Source records
○ ○ ○ ○

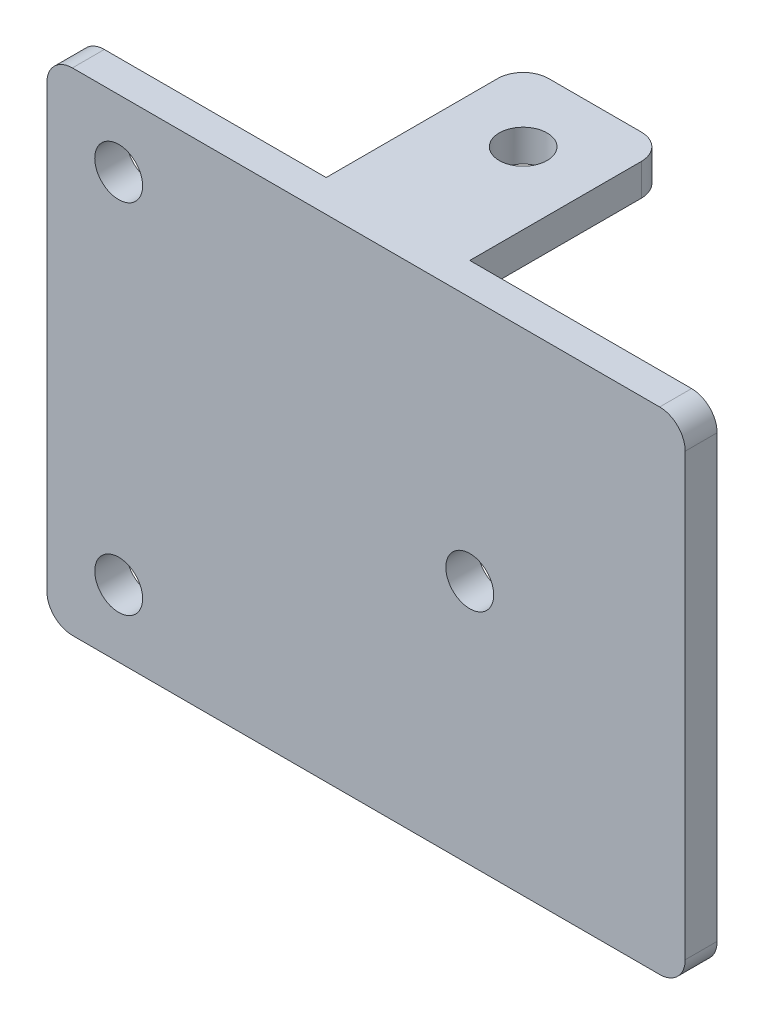
SolidWorks part; units mm, degrees
material "6061 Alloy"
ref_plane "Front Plane" through (0, 0, 0) normal (0, 0, 1) x (1, 0, 0)
ref_plane "Top Plane" through (0, 0, 0) normal (0, 1, 0) x (1, 0, 0)
ref_plane "Right Plane" through (0, 0, 0) normal (1, 0, 0) x (0, 0, -1)
sketch "Sketch1" plane through (0, 0, 0) normal (0, 0, 1) x (1, 0, 0)
  line L1 (0, 0) -> (63.5, 0)
  line L2 (0, 0) -> (0, 48.895)
  line L3 (0, 48.895) -> (63.5, 48.895)
  line L4 (63.5, 0) -> (63.5, 48.895)
  dimension "D1" = 63.5
  dimension "D2" = 48.895
extrude "Boss-Extrude1" add sketch "Sketch1" along normal blind 3.175
sketch "Sketch4" plane through (0, 0, 3.175) normal (0, 0, 1) x (1, 0, 0)
  line L0 (0, 0) -> (63.5, 0) construction
  line L1 (0, 48.895) -> (0, 0) construction
  line L2 (63.5, 24.4475) -> (0, 24.4475) construction
  line L3 (63.5, 0) -> (63.5, 48.895) construction
  line L4 (31.75, 0) -> (31.75, 48.895) construction
  line L5 (63.5, 48.895) -> (0, 48.895) construction
  circle A0 centre (7.1438, 6.6675) radius 2.3813
  circle A1 centre (7.1438, 42.2275) radius 2.3812
  circle A3 centre (42.0688, 24.4475) radius 2.3812
  circle A4 centre (7.1438, 6.6675) radius 6.35
  point P16 (44.45, 24.4475)
  point P17 (39.6875, 24.4475)
  dimension "D1" = 4.7625
  dimension "D2" = 12.7
  dimension "D4" = 19.05
  dimension "D3" = 4.7625
  dimension "D5" = 34.925
  dimension "D6" = 17.78
extrude "Cut-Extrude1" cut sketch "Sketch4" against normal up to next from surface contours A0 | A1 | A3 region at (7.1438, 6.6675, 3.175) region at (7.1438, 42.2275, 3.175) region at (42.0688, 24.4475, 3.175) starting at face at (31.75, 24.4475, 3.175)
sketch "Sketch6" plane through (0, 48.895, 0) normal (0, 1, 0) x (1, 0, 0)
  line L0 (24.6062, 0) -> (24.6062, 19.5981)
  line L1 (63.5, 0) -> (0, 0) construction
  line L2 (24.6062, 19.5981) -> (38.8938, 19.5981)
  line L3 (38.8938, 19.5981) -> (38.8938, 0)
  line L4 (31.75, 19.5981) -> (31.75, 0) construction
  line L5 (24.6062, 0) -> (38.8938, 0)
  point P9 (31.75, 0)
  dimension "D1" = 14.2875
  dimension "D2" = 19.5981
extrude "Boss-Extrude3" add sketch "Sketch6" against normal blind 3.175
sketch "Sketch7" plane through (0, 48.895, 0) normal (0, 1, 0) x (1, 0, 0)
  line L0 (31.75, 19.5981) -> (31.75, 1.4238) construction
  line L1 (38.8938, 19.5981) -> (24.6062, 19.5981) construction
  circle A0 centre (31.75, 12.4544) radius 2.3812
  point P4 (31.75, 14.8356)
  point P8 (31.75, 19.5981)
  dimension "D1" = 4.7625
  dimension "D2" = 4.7625
extrude "Cut-Extrude2" cut sketch "Sketch7" against normal up to next
fillet "Fillet1" radius 2.54 6 edges at (0, 0, 1.5875) (63.5, 0, 1.5875) (0, 48.895, 1.5875) (63.5, 48.895, 1.5875) (24.6062, 47.3075, -19.5981) (38.8938, 47.3075, -19.5981)
sketch "Sketch2" plane through (0, 0, 3.175) normal (0, 0, 1) x (1, 0, 0)
  line L0 (31.75, 0) -> (31.75, 48.895)
  line L1 (2.54, 0) -> (60.96, 0) construction
  line L2 (60.96, 48.895) -> (2.54, 48.895) construction
  line L3 (63.5, 24.4475) -> (0, 24.4475)
  line L4 (63.5, 2.54) -> (63.5, 46.355) construction
  line L5 (0, 46.355) -> (0, 2.54) construction
sketch "Sketch3" plane through (0, 0, 0) normal (0, 0, -1) x (-1, 0, 0)
  line L0 (0, 24.4475) -> (-63.5, 24.4475)
  line L1 (0, 46.355) -> (0, 2.54) construction
  line L2 (-63.5, 2.54) -> (-63.5, 46.355) construction
  line L3 (-31.75, 0) -> (-31.75, 48.895)
  line L4 (-2.54, 0) -> (-60.96, 0) construction
  line L6 (-29.3688, 48.895) -> (-34.1313, 48.895) construction

○ ○ ○ ○

• [Work item]: The answer must consist of every line above that holds the string "through", copied exactly.

• [Result of this exercise]:
ref_plane "Front Plane" through (0, 0, 0) normal (0, 0, 1) x (1, 0, 0)
ref_plane "Top Plane" through (0, 0, 0) normal (0, 1, 0) x (1, 0, 0)
ref_plane "Right Plane" through (0, 0, 0) normal (1, 0, 0) x (0, 0, -1)
sketch "Sketch1" plane through (0, 0, 0) normal (0, 0, 1) x (1, 0, 0)
sketch "Sketch4" plane through (0, 0, 3.175) normal (0, 0, 1) x (1, 0, 0)
sketch "Sketch6" plane through (0, 48.895, 0) normal (0, 1, 0) x (1, 0, 0)
sketch "Sketch7" plane through (0, 48.895, 0) normal (0, 1, 0) x (1, 0, 0)
sketch "Sketch2" plane through (0, 0, 3.175) normal (0, 0, 1) x (1, 0, 0)
sketch "Sketch3" plane through (0, 0, 0) normal (0, 0, -1) x (-1, 0, 0)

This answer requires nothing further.